Much like his days growing up and playing for his brothers' teams against bigger opponents, Boucher seemed to always be smaller than the player he was matched up against. 

But size didn't matter to Boucher, he could more than hold his own on the court. The big difference for him was the skill of his opponents, which was why Nowitzki and Ming were such tough assignments. 

"For me, you can't worry too much about size, it's more can I stop them from doing what they do best, and with a guy like Dirk and Yao, they're so much bigger you just have to try to put them in uncomfortable positions on the court.

"But at the end of the day, size does matter when you're trying to block a guy who's shooting it straight over you every time."

In 2003, during his time with the national team, Boucher got the call to line up for the Breakers' debut season in the ANBL.

Starting for the Breakers in their first ever game, against the Adelaide 36ers on October 1, 2003, at the North Shore Events Centre, Boucher says he distinctly remembers the hype around that game and the thrill of getting to play in it. 

"We'd spent a long time building to that game and I remember in the first quarter we scored 44 points. It was a pretty amazing start to a franchise to play the way we did"

The Breakers won that game 111-110 and from there, Boucher would be a fixture in the team for the next two years, before taking up opportunities with the Perth Wildcats (2005-2006) and Brisbane Bullets (2006-2008) before returning back to the New Zealand franchise to help them win back-to-back-to-back titles from 2011-2013. 

Following the side's 2013 title, Boucher retired from the top level.

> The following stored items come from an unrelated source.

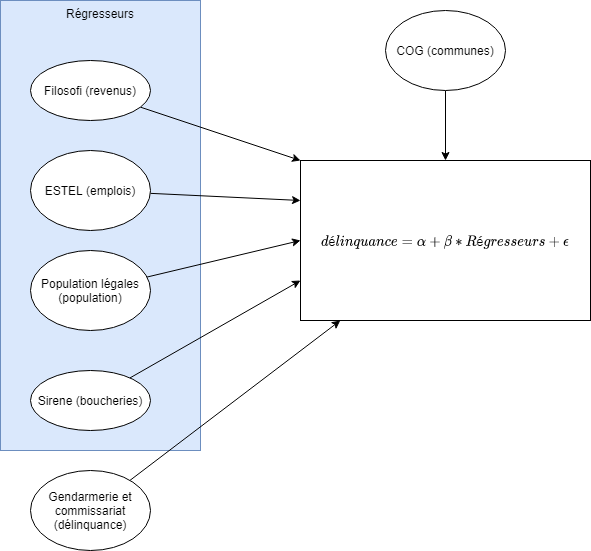

The diagram above was exported from draw.io. Its source (the exported page's mxGraphModel, read from the mxfile embedded in the PNG):
<mxGraphModel dx="1422" dy="794" grid="1" gridSize="10" guides="1" tooltips="1" connect="1" arrows="1" fold="1" page="1" pageScale="1" pageWidth="827" pageHeight="1169" math="1" shadow="0">
  <root>
    <mxCell id="0" />
    <mxCell id="1" parent="0" />
    <mxCell id="3sGeZ_FETt5rlhcKVvUc-15" value="Régresseurs" style="rounded=0;whiteSpace=wrap;html=1;verticalAlign=top;fillColor=#dae8fc;strokeColor=#6c8ebf;" vertex="1" parent="1">
      <mxGeometry x="40" y="80" width="200" height="450" as="geometry" />
    </mxCell>
    <mxCell id="3sGeZ_FETt5rlhcKVvUc-2" value="$$délinquance =&amp;nbsp; \alpha + \beta&amp;nbsp; * Régresseurs + \epsilon$$" style="rounded=0;whiteSpace=wrap;html=1;" vertex="1" parent="1">
      <mxGeometry x="340" y="240" width="290" height="160" as="geometry" />
    </mxCell>
    <mxCell id="3sGeZ_FETt5rlhcKVvUc-10" style="rounded=0;orthogonalLoop=1;jettySize=auto;html=1;entryX=0;entryY=0.25;entryDx=0;entryDy=0;" edge="1" parent="1" source="3sGeZ_FETt5rlhcKVvUc-3" target="3sGeZ_FETt5rlhcKVvUc-2">
      <mxGeometry relative="1" as="geometry" />
    </mxCell>
    <mxCell id="3sGeZ_FETt5rlhcKVvUc-3" value="ESTEL (emplois)" style="ellipse;whiteSpace=wrap;html=1;" vertex="1" parent="1">
      <mxGeometry x="70" y="230" width="120" height="80" as="geometry" />
    </mxCell>
    <mxCell id="3sGeZ_FETt5rlhcKVvUc-9" style="rounded=0;orthogonalLoop=1;jettySize=auto;html=1;entryX=0;entryY=0.5;entryDx=0;entryDy=0;" edge="1" parent="1" source="3sGeZ_FETt5rlhcKVvUc-4" target="3sGeZ_FETt5rlhcKVvUc-2">
      <mxGeometry relative="1" as="geometry" />
    </mxCell>
    <mxCell id="3sGeZ_FETt5rlhcKVvUc-4" value="Population légales (population)" style="ellipse;whiteSpace=wrap;html=1;" vertex="1" parent="1">
      <mxGeometry x="70" y="330" width="120" height="80" as="geometry" />
    </mxCell>
    <mxCell id="3sGeZ_FETt5rlhcKVvUc-12" style="edgeStyle=none;rounded=0;orthogonalLoop=1;jettySize=auto;html=1;entryX=0.5;entryY=0;entryDx=0;entryDy=0;" edge="1" parent="1" source="3sGeZ_FETt5rlhcKVvUc-5" target="3sGeZ_FETt5rlhcKVvUc-2">
      <mxGeometry relative="1" as="geometry" />
    </mxCell>
    <mxCell id="3sGeZ_FETt5rlhcKVvUc-5" value="COG (communes)" style="ellipse;whiteSpace=wrap;html=1;" vertex="1" parent="1">
      <mxGeometry x="425" y="90" width="120" height="80" as="geometry" />
    </mxCell>
    <mxCell id="3sGeZ_FETt5rlhcKVvUc-8" style="rounded=0;orthogonalLoop=1;jettySize=auto;html=1;" edge="1" parent="1" source="3sGeZ_FETt5rlhcKVvUc-6" target="3sGeZ_FETt5rlhcKVvUc-2">
      <mxGeometry relative="1" as="geometry" />
    </mxCell>
    <mxCell id="3sGeZ_FETt5rlhcKVvUc-6" value="Gendarmerie et commissariat (délinquance)" style="ellipse;whiteSpace=wrap;html=1;" vertex="1" parent="1">
      <mxGeometry x="70" y="550" width="120" height="80" as="geometry" />
    </mxCell>
    <mxCell id="3sGeZ_FETt5rlhcKVvUc-11" style="rounded=0;orthogonalLoop=1;jettySize=auto;html=1;entryX=0;entryY=0.75;entryDx=0;entryDy=0;" edge="1" parent="1" source="3sGeZ_FETt5rlhcKVvUc-7" target="3sGeZ_FETt5rlhcKVvUc-2">
      <mxGeometry relative="1" as="geometry" />
    </mxCell>
    <mxCell id="3sGeZ_FETt5rlhcKVvUc-7" value="Sirene (boucheries)" style="ellipse;whiteSpace=wrap;html=1;" vertex="1" parent="1">
      <mxGeometry x="70" y="450" width="120" height="60" as="geometry" />
    </mxCell>
    <mxCell id="3sGeZ_FETt5rlhcKVvUc-14" style="edgeStyle=none;rounded=0;orthogonalLoop=1;jettySize=auto;html=1;entryX=0;entryY=0;entryDx=0;entryDy=0;" edge="1" parent="1" source="3sGeZ_FETt5rlhcKVvUc-13" target="3sGeZ_FETt5rlhcKVvUc-2">
      <mxGeometry relative="1" as="geometry" />
    </mxCell>
    <mxCell id="3sGeZ_FETt5rlhcKVvUc-13" value="Filosofi (revenus)" style="ellipse;whiteSpace=wrap;html=1;" vertex="1" parent="1">
      <mxGeometry x="70" y="140" width="120" height="60" as="geometry" />
    </mxCell>
  </root>
</mxGraphModel>

His No 24 jersey was retired by the Breakers later that year.

While he still plays in the NBL, with his 400-plus appearances the most ever in the league, Boucher reflects on his career as "a good ride".

"Like anything, it hasn't been a smooth ride. It's had its ups and downs."

After his retirement, he eyed a move into either coaching or management with the franchise.

In 2016, he was named the club's general manager.

"I have four children so I thought the smarter route for me was to go down the commercial route and have stability for my family.

"The coaching pathway's not a very stable environment - it's all good when you're winning but when you don't have success it can be a pretty rocky job.

"It's all worked out. Here I am as GM now and loving every minute of it."